-- WORK TASK --
Go over the data and copy out each line with "Sheet" in it.

(Records from a collection)
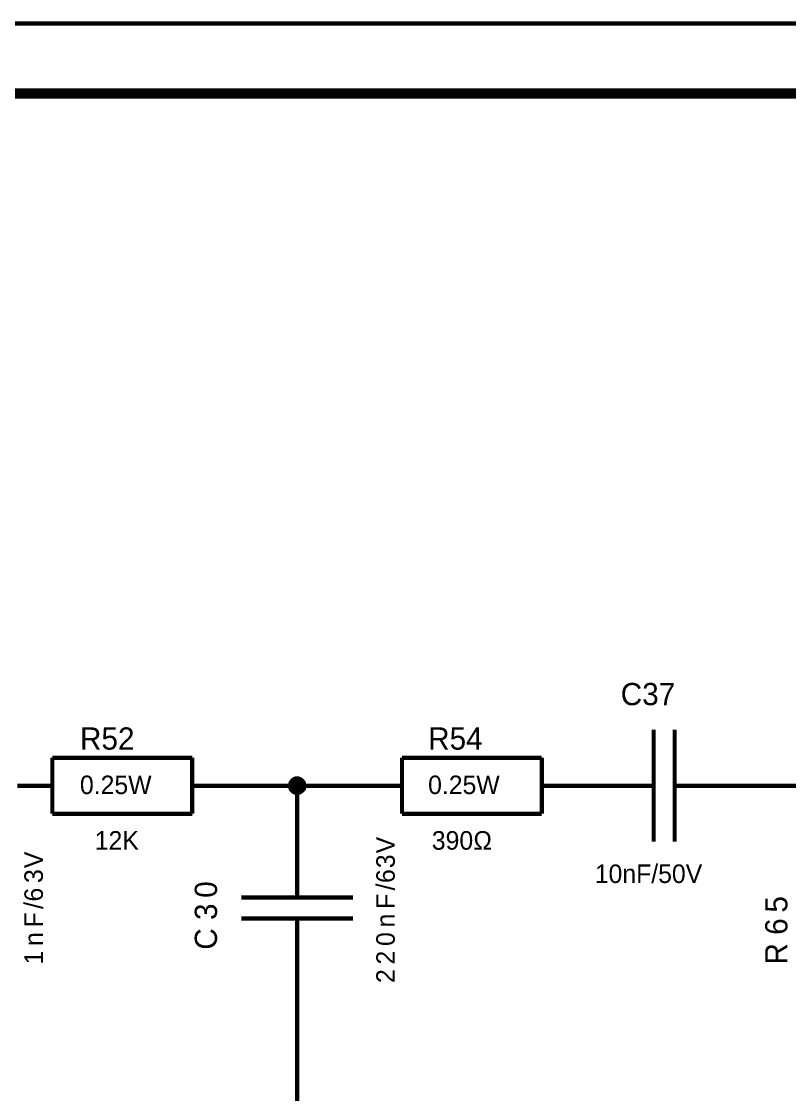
# Model space of a CAD drawing. Header units: millimetres. Extents: x 0 to 420, y 0 to 297.
# Drawn here: x 107.8 to 162.7, y 220.4 to 297.1 of the extents above; entities that cross this region are included whole.
import ezdxf

# ---------------------------------------------------------------- set-up
doc = ezdxf.new("R2010")
doc.units = ezdxf.units.MM
doc.layers.add('Sheet', color=255, linetype='Continuous')

msp = doc.modelspace()

# ---------------------------------------------------------------- linework, layer by layer
at = {"layer": 'Sheet'}
for points, const_width in [([(0.099, 297), (419.901, 297), (419.901, 0), (0.099, 0), (0.099, 297)], 0.3), ([(0.099, 297), (419.901, 297), (419.901, 0), (0.099, 0), (0.099, 297)], 0.3), ([(0.099, 297), (0.099, 0), (419.901, 0), (419.901, 297), (0.099, 297), (0.099, 297)], 0.0991), ([(0.099, 297), (0.099, 0), (419.901, 0), (419.901, 297), (0.099, 297), (0.099, 297)], 0.0991), ([(20.093, 291.999), (414.919, 291.999), (414.919, 7.998), (20.093, 7.998), (20.093, 291.999)], 0.749)]:
    msp.add_lwpolyline(points, close=True, dxfattribs=dict(at, const_width=const_width))
for points, const_width in [([(153.031, 246.495), (153.031, 238.497)], 0.3), ([(154.537, 246.495), (154.537, 238.497)], 0.3), ([(110.048, 244.492), (110.048, 240.485)], 0.3), ([(110.048, 244.492), (120.045, 244.492)], 0.3), ([(120.045, 244.492), (120.045, 240.485)], 0.3), ([(135.04, 244.492), (135.04, 240.485)], 0.3), ([(135.04, 244.492), (145.037, 244.492)], 0.3), ([(145.037, 244.492), (145.037, 240.485)], 0.3), ([(110.048, 242.488), (107.549, 242.488)], 0.3), ([(120.045, 242.488), (122.544, 242.488)], 0.3), ([(122.544, 242.488), (127.543, 242.488), (132.541, 242.488)], 0.3), ([(127.046, 242.488), (127.046, 242.521), (127.046, 242.538), (127.046, 242.571), (127.063, 242.588), (127.063, 242.621), (127.063, 242.637), (127.079, 242.67), (127.079, 242.687), (127.096, 242.703), (127.112, 242.737), (127.112, 242.753), (127.129, 242.77), (127.145, 242.786), (127.162, 242.819), (127.178, 242.836), (127.195, 242.852), (127.212, 242.869), (127.228, 242.886), (127.245, 242.902), (127.261, 242.919), (127.278, 242.919), (127.311, 242.935), (127.327, 242.952), (127.344, 242.968), (127.377, 242.968), (127.394, 242.985), (127.41, 242.985), (127.443, 242.985), (127.46, 243.002), (127.493, 243.002), (127.509, 243.002), (127.543, 243.002)], 0.3), ([(127.046, 242.488), (127.046, 242.521), (127.046, 242.538), (127.046, 242.571), (127.063, 242.588), (127.063, 242.621), (127.063, 242.637), (127.079, 242.67), (127.079, 242.687), (127.096, 242.703), (127.112, 242.737), (127.112, 242.753), (127.129, 242.77), (127.145, 242.786), (127.162, 242.819), (127.178, 242.836), (127.195, 242.852), (127.212, 242.869), (127.228, 242.886), (127.245, 242.902), (127.261, 242.919), (127.278, 242.919), (127.311, 242.935), (127.327, 242.952), (127.344, 242.968), (127.377, 242.968), (127.394, 242.985), (127.41, 242.985), (127.443, 242.985), (127.46, 243.002), (127.493, 243.002), (127.509, 243.002), (127.543, 243.002)], 0.3), ([(127.046, 242.488), (127.046, 242.521), (127.046, 242.538), (127.046, 242.571), (127.063, 242.588), (127.063, 242.621), (127.063, 242.637), (127.079, 242.67), (127.079, 242.687), (127.096, 242.703), (127.112, 242.737), (127.112, 242.753), (127.129, 242.77), (127.145, 242.786), (127.162, 242.819), (127.178, 242.836), (127.195, 242.852), (127.212, 242.869), (127.228, 242.886), (127.245, 242.902), (127.261, 242.919), (127.278, 242.919), (127.311, 242.935), (127.327, 242.952), (127.344, 242.968), (127.377, 242.968), (127.394, 242.985), (127.41, 242.985), (127.443, 242.985), (127.46, 243.002), (127.493, 243.002), (127.509, 243.002), (127.543, 243.002)], 0.3), ([(127.046, 242.488), (127.046, 242.521), (127.046, 242.538), (127.046, 242.571), (127.063, 242.588), (127.063, 242.621), (127.063, 242.637), (127.079, 242.67), (127.079, 242.687), (127.096, 242.703), (127.112, 242.737), (127.112, 242.753), (127.129, 242.77), (127.145, 242.786), (127.162, 242.819), (127.178, 242.836), (127.195, 242.852), (127.212, 242.869), (127.228, 242.886), (127.245, 242.902), (127.261, 242.919), (127.278, 242.919), (127.311, 242.935), (127.327, 242.952), (127.344, 242.968), (127.377, 242.968), (127.394, 242.985), (127.41, 242.985), (127.443, 242.985), (127.46, 243.002), (127.493, 243.002), (127.509, 243.002), (127.543, 243.002)], 0.3), ([(127.543, 241.991), (127.509, 241.991), (127.493, 241.991), (127.46, 241.991), (127.443, 242.008), (127.41, 242.008), (127.394, 242.008), (127.377, 242.025), (127.344, 242.025), (127.327, 242.041), (127.311, 242.058), (127.278, 242.058), (127.261, 242.074), (127.245, 242.091), (127.228, 242.107), (127.212, 242.124), (127.195, 242.14), (127.178, 242.157), (127.162, 242.174), (127.145, 242.19), (127.129, 242.207), (127.112, 242.223), (127.112, 242.256), (127.096, 242.273), (127.079, 242.289), (127.079, 242.323), (127.063, 242.339), (127.063, 242.356), (127.063, 242.389), (127.046, 242.405), (127.046, 242.439), (127.046, 242.455), (127.046, 242.488)], 0.3), ([(127.046, 242.488), (127.046, 242.488)], 0.3), ([(127.543, 241.991), (127.509, 241.991), (127.493, 241.991), (127.46, 241.991), (127.443, 242.008), (127.41, 242.008), (127.394, 242.008), (127.377, 242.025), (127.344, 242.025), (127.327, 242.041), (127.311, 242.058), (127.278, 242.058), (127.261, 242.074), (127.245, 242.091), (127.228, 242.107), (127.212, 242.124), (127.195, 242.14), (127.178, 242.157), (127.162, 242.174), (127.145, 242.19), (127.129, 242.207), (127.112, 242.223), (127.112, 242.256), (127.096, 242.273), (127.079, 242.289), (127.079, 242.323), (127.063, 242.339), (127.063, 242.356), (127.063, 242.389), (127.046, 242.405), (127.046, 242.439), (127.046, 242.455), (127.046, 242.488)], 0.3), ([(127.046, 242.488), (127.046, 242.488)], 0.3), ([(127.543, 241.991), (127.509, 241.991), (127.493, 241.991), (127.46, 241.991), (127.443, 242.008), (127.41, 242.008), (127.394, 242.008), (127.377, 242.025), (127.344, 242.025), (127.327, 242.041), (127.311, 242.058), (127.278, 242.058), (127.261, 242.074), (127.245, 242.091), (127.228, 242.107), (127.212, 242.124), (127.195, 242.14), (127.178, 242.157), (127.162, 242.174), (127.145, 242.19), (127.129, 242.207), (127.112, 242.223), (127.112, 242.256), (127.096, 242.273), (127.079, 242.289), (127.079, 242.323), (127.063, 242.339), (127.063, 242.356), (127.063, 242.389), (127.046, 242.405), (127.046, 242.439), (127.046, 242.455), (127.046, 242.488)], 0.3), ([(127.046, 242.488), (127.046, 242.488)], 0.3), ([(127.543, 241.991), (127.509, 241.991), (127.493, 241.991), (127.46, 241.991), (127.443, 242.008), (127.41, 242.008), (127.394, 242.008), (127.377, 242.025), (127.344, 242.025), (127.327, 242.041), (127.311, 242.058), (127.278, 242.058), (127.261, 242.074), (127.245, 242.091), (127.228, 242.107), (127.212, 242.124), (127.195, 242.14), (127.178, 242.157), (127.162, 242.174), (127.145, 242.19), (127.129, 242.207), (127.112, 242.223), (127.112, 242.256), (127.096, 242.273), (127.079, 242.289), (127.079, 242.323), (127.063, 242.339), (127.063, 242.356), (127.063, 242.389), (127.046, 242.405), (127.046, 242.439), (127.046, 242.455), (127.046, 242.488)], 0.3), ([(127.046, 242.488), (127.046, 242.488)], 0.3), ([(127.046, 242.488), (127.046, 242.521), (127.046, 242.538), (127.046, 242.571), (127.063, 242.588), (127.063, 242.621), (127.063, 242.637), (127.079, 242.67), (127.079, 242.687), (127.096, 242.703), (127.112, 242.737), (127.112, 242.753), (127.129, 242.77), (127.145, 242.786), (127.162, 242.819), (127.178, 242.836), (127.195, 242.852), (127.212, 242.869), (127.228, 242.886), (127.245, 242.902), (127.261, 242.919), (127.278, 242.919), (127.311, 242.935), (127.327, 242.952), (127.344, 242.968), (127.377, 242.968), (127.394, 242.985), (127.41, 242.985), (127.443, 242.985), (127.46, 243.002), (127.493, 243.002), (127.509, 243.002), (127.543, 243.002)], 0.0991), ([(127.046, 242.488), (127.046, 242.521), (127.046, 242.538), (127.046, 242.571), (127.063, 242.588), (127.063, 242.621), (127.063, 242.637), (127.079, 242.67), (127.079, 242.687), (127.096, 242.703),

-- FINISHED TASK --
doc.layers.add('Sheet', color=255, linetype='Continuous')
at = {"layer": 'Sheet'}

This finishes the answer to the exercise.